(Excerpts from a dataset)
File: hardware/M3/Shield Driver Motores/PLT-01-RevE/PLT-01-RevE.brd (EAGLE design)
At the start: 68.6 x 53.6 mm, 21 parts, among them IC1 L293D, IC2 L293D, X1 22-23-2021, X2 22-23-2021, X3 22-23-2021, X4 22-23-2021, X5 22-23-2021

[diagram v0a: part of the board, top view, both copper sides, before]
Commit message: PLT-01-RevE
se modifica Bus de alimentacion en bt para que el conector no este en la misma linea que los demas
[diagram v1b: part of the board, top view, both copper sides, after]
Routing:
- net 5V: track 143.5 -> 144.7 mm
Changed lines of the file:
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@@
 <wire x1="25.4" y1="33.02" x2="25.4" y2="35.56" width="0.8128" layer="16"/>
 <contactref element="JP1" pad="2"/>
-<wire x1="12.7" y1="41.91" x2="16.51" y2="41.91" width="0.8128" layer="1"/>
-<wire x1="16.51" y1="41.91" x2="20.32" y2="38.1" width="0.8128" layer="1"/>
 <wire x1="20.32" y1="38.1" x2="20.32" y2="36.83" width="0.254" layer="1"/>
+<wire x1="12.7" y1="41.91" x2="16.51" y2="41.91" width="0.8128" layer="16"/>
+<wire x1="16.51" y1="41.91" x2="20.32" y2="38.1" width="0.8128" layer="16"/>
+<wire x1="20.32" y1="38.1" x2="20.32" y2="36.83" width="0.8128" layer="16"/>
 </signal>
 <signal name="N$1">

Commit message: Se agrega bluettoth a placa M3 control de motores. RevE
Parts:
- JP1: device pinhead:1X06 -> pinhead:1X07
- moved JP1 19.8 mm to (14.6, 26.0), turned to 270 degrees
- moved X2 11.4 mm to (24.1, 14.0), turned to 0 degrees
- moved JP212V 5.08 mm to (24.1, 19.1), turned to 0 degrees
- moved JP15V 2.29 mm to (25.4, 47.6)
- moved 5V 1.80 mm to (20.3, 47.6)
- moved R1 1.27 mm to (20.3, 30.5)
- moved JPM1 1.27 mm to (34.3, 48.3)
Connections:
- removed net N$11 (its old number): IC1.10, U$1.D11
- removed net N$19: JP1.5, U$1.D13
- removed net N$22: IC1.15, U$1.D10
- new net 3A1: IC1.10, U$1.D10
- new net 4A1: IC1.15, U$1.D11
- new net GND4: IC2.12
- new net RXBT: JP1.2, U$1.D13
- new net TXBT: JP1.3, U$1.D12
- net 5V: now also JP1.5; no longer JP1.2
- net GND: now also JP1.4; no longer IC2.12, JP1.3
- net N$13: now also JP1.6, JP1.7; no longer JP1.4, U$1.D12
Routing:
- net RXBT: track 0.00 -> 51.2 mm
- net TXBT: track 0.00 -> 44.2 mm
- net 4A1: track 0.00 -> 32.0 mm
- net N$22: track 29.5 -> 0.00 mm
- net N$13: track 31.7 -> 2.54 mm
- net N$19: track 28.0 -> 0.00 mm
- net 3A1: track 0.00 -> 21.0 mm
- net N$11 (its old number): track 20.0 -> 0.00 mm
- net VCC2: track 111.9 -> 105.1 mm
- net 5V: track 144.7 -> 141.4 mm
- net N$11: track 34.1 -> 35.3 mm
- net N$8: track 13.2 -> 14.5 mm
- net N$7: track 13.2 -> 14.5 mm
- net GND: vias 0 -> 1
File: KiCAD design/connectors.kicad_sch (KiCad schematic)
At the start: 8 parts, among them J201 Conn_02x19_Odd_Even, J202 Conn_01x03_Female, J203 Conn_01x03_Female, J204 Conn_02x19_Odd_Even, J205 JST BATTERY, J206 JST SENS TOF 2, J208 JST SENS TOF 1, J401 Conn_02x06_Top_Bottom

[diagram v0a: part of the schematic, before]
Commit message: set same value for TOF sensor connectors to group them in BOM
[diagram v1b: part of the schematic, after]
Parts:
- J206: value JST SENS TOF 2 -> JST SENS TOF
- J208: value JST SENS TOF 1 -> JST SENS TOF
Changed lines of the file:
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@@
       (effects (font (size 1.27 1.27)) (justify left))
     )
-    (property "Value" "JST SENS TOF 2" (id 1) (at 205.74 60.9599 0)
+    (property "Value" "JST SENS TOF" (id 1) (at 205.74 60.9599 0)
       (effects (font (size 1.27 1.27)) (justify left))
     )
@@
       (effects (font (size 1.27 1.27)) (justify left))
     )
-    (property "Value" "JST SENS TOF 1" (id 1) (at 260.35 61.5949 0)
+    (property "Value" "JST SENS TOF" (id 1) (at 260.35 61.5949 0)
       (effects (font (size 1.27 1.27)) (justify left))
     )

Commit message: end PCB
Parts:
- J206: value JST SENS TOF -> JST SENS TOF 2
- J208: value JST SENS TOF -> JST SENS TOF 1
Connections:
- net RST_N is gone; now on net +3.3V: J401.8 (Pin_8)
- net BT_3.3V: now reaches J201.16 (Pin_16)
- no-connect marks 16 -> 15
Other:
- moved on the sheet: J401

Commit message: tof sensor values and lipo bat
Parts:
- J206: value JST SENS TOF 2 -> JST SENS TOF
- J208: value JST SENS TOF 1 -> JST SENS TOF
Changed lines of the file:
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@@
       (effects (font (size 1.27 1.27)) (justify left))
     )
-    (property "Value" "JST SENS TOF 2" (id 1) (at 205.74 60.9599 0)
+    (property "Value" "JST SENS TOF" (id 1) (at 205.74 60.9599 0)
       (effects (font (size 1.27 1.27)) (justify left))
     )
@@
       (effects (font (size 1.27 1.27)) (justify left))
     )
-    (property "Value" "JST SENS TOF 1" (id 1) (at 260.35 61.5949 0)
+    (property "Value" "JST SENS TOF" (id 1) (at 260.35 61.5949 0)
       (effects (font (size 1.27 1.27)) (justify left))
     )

**EXERCISE DETAILS:**
Report how many lines in the data include the word "board". Nothing else is needed.

**YOUR RESPONSE:**
2